We’ll have more on the Sheslay district later this week and how this is shaping up to be an extraordinary summer on the exploration front in this important region of northwest British Columbia…as we’ve reported, the stakes have increased dramatically in recent weeks and the two near-term beneficiaries will be Doubleview Capital (DBV, TSX-V) and Garibaldi Resources (GGI, TSX-V)…

DBV has broken above a downsloping flag on this 2.5-year chart…that’s just one of several bullish technical indicators supported by how we see events unfolding on the ground very quickly…

DBV is unchanged at 14.5 cents as of 9:15 am Pacific

DBV2(3)

Quantum International Income Corp. (QIC, TSX-V)
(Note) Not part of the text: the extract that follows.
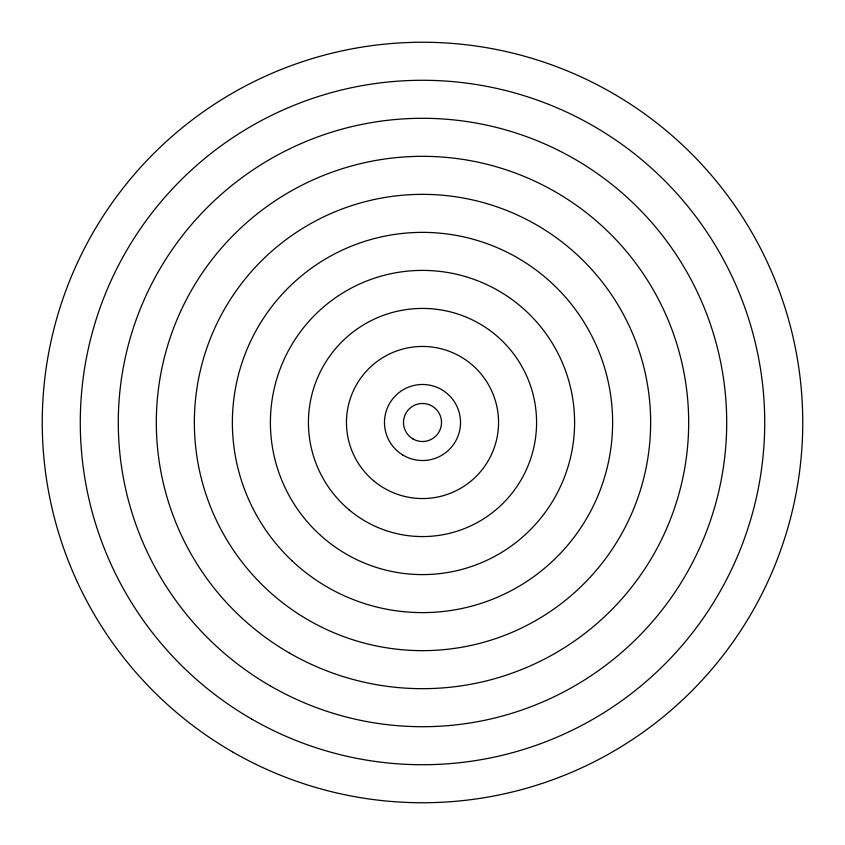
<?xml version="1.0" encoding="UTF-8"?>
<svg xmlns="http://www.w3.org/2000/svg" width="845" height="845" viewBox="0 0 845 845"><rect width="100%" height="100%" fill="white"/><g stroke="black" fill="none" stroke-linecap="round" stroke-linejoin="round"><path stroke-width="1.27" d="M412.994 438.967A19.012 19.012 0 0 0 441.512 422.5A19.012 19.012 0 0 0 412.994 406.033A19.012 19.012 0 0 0 412.994 438.967M232.375 751.807A380.25 380.25 0 0 0 802.75 422.5A380.25 380.25 0 0 0 232.375 93.193A380.25 380.25 0 0 0 232.375 751.807M374.293 481.312A76.05 76.05 0 0 0 497.547 434.848A76.05 76.05 0 0 0 395.671 351.34A76.05 76.05 0 0 0 374.293 481.312M402.801 455.022A38.025 38.025 0 0 0 460.514 423.303A38.025 38.025 0 0 0 404.185 389.175A38.025 38.025 0 0 0 402.801 455.022M349.165 509.873A114.075 114.075 0 0 0 534.843 442.326A114.075 114.075 0 0 0 383.503 315.301A114.075 114.075 0 0 0 349.165 509.873M299.331 614.547A228.15 228.15 0 0 0 650.396 433.147A228.15 228.15 0 0 0 317.773 219.806A228.15 228.15 0 0 0 299.331 614.547M292.212 560.964A190.125 190.125 0 0 0 607.555 466.091A190.125 190.125 0 0 0 367.723 240.434A190.125 190.125 0 0 0 292.212 560.964M320.487 535.318A152.1 152.1 0 0 0 571.209 454.441A152.1 152.1 0 0 0 375.814 277.741A152.1 152.1 0 0 0 320.487 535.318M289.412 653.016A266.175 266.175 0 0 0 688.675 422.5A266.175 266.175 0 0 0 289.412 191.984A266.175 266.175 0 0 0 289.412 653.016M270.4 685.95A304.2 304.2 0 0 0 726.7 422.5A304.2 304.2 0 0 0 270.4 159.05A304.2 304.2 0 0 0 270.4 685.95M251.387 718.873A342.225 342.225 0 0 0 764.725 422.5A342.225 342.225 0 0 0 251.387 126.127A342.225 342.225 0 0 0 251.387 718.873"/></g></svg>

A non-resource play to keep an eye on is Quantum International Income (QIC, TSX-V) which announced Friday that it has signed a definitive agreement to acquire Columbus Hospital LTACH LLC, a company operating a long-term acute care hospital (LTACH) in New Jersey…the LTACH is currently running on a 4-month unaudited annualized basis of approximately $40-million (U.S.) in revenue and approximately $13.5-million of earnings before interest, taxes, depreciation and amortization…

This 6-month QIC chart is interesting, to say the least…note the uptrend line, the rising 50-day SMA, and the breakout above the downsloping flag…as always, perform your own due diligence…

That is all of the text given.